Ok, here is what we have. Nodes 192.168.107.12 and 192.168.107.13 are in the cluster. We created new VM (192.168.107.11) with clean Manticore and ran join cluster manticore_cluster at ‘192.168.107.13:9312’; there. Detailed logs from each node are attached here:

192.168.107.11 - https://pastebin.com/raw/zNQMCR0b
192.168.107.12 - https://pastebin.com/raw/vhZeGacM
192.168.107.13 - https://pastebin.com/raw/xn49p2HM

from log file you provide I see that node11 gets SST (RT index files) from node12

and at log of node12 I see

12:44:51.077 2020] [848] DEBUG: AsyncNetInputBuffer_c::AppendData: error 110 (Connection timed out) return -1

however log at node11 ends at 12:25:40 could you provide log from node11 from 12:35 tp 12:55 to search more events at that node?

as it is not clear why node12 reports about timeout

could you provide reproducible case with docker images or VM images? or k8s setup that reproduces issue here locally?

could you provide ls -lh of all index files in your cluster?

could you provide log from node11 from 12:35 tp 12:55 to search more events at that node?

It is the same as at 12:25:

[Thu Oct 29 12:25:40.735 2020] [852] RPL: remote cluster command 3, client 192.168.107.12:55414

It looks over all available ports. When it reaches the last available one, it starts from the beginning like RPL: remote cluster command 1, client 192.168.107.12:48894. So, there is no useful info in 192.168.107.11 logs after 12:25. It is all the same.

could you provide reproducible case with docker images or VM images? or k8s setup that reproduces issue here locally?

There is sensitive data in our indexes. So, unfortunately, we cannot provide you with it. The problem is not reproduced when indexes are empty or partially filled.

could you provide ls -lh of all index files in your cluster?

192.168.107.11 - https://pastebin.com/raw/mMJ4p7iX
192.168.107.12 - https://pastebin.com/raw/SnPKZWsC
192.168.107.13 - https://pastebin.com/raw/ZBPFAxsU

P.S. Index rzn is the biggest index in the cluster. It’s size is about 6.6G and it has 1808695 documents.

I see no info about file sizes only folder names. Could you provide ls -lh of all index files? I would like to see index files names, count and files sizes.

could you also post searchd section of config for nodes 11,12,13 ?

192.168.107.11 - https://pastebin.com/raw/hpujtPwh
192.168.107.12 - https://pastebin.com/raw/TV9Uwz6V
192.168.107.13 - https://pastebin.com/raw/fBCiYsqC

could you also post searchd section of config for nodes 11,12,13 ?

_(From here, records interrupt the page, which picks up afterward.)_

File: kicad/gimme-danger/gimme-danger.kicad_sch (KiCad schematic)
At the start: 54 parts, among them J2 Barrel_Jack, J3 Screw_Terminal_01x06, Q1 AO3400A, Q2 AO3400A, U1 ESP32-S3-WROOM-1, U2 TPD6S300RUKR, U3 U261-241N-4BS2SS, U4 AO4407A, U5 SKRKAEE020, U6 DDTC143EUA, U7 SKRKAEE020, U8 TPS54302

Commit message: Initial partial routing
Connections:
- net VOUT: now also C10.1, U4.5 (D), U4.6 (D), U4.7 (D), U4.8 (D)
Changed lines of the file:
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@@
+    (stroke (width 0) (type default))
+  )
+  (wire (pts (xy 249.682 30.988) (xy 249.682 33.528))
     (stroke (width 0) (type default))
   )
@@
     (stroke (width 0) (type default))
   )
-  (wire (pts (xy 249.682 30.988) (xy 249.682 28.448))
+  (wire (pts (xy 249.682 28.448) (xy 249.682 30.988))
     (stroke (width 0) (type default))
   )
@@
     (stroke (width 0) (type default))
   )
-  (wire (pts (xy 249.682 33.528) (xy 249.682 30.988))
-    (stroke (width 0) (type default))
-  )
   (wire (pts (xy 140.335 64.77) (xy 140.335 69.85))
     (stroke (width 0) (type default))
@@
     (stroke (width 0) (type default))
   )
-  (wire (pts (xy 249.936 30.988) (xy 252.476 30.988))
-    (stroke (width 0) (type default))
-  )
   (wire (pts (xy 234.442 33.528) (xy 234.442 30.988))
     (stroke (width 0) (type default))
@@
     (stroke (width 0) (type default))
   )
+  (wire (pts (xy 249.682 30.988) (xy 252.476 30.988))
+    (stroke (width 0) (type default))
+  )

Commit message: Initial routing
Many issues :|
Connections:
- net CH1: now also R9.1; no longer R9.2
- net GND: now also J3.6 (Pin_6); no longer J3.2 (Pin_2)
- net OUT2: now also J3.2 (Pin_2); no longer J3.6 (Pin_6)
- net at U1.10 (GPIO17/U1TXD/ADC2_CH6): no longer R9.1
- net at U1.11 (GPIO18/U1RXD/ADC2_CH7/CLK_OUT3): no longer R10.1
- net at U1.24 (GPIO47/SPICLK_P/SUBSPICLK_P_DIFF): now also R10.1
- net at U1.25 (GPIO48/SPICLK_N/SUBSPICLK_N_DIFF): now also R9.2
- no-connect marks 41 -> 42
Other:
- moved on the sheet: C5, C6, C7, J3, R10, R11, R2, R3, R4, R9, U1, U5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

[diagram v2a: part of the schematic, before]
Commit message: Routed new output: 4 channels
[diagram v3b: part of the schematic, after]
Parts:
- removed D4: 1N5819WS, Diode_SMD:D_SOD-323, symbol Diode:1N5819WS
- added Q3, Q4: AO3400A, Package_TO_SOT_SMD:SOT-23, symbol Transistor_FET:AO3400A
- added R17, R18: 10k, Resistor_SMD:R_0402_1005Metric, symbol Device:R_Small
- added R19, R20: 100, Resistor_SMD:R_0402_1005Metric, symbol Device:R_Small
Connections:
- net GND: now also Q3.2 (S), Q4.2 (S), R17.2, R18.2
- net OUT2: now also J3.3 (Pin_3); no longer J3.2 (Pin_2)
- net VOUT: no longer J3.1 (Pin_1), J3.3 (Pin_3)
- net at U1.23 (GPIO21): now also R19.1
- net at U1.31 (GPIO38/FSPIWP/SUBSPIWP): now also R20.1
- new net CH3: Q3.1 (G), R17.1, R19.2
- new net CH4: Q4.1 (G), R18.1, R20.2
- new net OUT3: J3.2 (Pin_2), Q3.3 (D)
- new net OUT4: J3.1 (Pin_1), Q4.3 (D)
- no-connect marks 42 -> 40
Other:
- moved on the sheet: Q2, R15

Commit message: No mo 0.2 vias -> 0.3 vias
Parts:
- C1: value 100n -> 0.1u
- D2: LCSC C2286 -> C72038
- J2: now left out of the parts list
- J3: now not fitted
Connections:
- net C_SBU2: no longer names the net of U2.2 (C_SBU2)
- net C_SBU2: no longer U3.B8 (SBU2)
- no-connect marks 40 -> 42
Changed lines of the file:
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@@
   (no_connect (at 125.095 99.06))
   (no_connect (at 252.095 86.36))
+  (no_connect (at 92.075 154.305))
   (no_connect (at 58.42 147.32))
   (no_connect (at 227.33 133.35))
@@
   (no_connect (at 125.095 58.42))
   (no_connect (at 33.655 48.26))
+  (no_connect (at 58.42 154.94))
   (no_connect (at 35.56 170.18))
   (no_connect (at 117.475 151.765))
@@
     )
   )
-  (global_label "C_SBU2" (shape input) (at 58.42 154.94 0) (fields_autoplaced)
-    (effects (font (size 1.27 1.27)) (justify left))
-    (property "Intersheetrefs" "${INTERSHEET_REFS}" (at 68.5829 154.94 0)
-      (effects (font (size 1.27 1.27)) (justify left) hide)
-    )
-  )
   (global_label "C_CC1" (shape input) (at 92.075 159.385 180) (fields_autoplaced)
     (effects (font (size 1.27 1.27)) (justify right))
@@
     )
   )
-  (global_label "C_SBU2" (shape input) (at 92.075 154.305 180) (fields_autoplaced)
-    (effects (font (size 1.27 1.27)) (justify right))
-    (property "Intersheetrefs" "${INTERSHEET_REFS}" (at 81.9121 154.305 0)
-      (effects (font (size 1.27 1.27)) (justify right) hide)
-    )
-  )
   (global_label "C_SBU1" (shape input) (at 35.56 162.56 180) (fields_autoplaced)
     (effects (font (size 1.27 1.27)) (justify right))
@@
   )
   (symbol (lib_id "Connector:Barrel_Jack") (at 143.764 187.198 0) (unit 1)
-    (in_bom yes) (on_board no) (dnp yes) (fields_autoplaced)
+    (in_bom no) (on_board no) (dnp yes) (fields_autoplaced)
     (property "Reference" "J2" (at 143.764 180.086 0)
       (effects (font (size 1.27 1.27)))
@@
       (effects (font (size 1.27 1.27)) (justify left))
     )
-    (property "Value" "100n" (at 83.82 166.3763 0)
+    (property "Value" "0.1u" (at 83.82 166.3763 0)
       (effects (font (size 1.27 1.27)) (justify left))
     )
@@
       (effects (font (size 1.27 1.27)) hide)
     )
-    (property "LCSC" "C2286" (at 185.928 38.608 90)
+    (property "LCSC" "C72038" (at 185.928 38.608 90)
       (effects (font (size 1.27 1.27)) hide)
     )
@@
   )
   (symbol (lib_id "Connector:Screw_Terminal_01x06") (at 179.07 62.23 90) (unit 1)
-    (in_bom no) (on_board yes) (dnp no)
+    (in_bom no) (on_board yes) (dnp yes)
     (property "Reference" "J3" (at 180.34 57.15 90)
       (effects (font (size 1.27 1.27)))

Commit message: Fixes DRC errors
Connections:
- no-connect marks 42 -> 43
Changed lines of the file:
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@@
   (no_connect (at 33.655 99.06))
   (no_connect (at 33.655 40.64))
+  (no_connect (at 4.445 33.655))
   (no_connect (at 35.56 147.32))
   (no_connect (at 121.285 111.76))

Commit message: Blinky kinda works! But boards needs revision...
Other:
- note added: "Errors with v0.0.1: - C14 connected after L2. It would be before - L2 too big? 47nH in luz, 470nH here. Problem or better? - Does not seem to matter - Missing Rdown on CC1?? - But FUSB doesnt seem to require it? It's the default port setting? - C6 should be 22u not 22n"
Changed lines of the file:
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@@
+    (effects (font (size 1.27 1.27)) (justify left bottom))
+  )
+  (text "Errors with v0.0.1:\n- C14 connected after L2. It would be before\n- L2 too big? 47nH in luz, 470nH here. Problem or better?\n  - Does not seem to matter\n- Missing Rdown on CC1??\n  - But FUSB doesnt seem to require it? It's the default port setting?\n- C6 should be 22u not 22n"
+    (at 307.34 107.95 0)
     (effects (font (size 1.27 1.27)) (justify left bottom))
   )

https://pastebin.com/raw/mn3sgJeQ

It is the same for all nodes. Except for server_id and IP addresses to listen.

I’ve just fixed the issue at replication SST for large indexes at master c419a324

You could use package from our dev repo after CI passed for that commit to check that issue is fixed for you.

The problem is not reproduced anymore, thank you! I will let you know if anything goes wrong with this.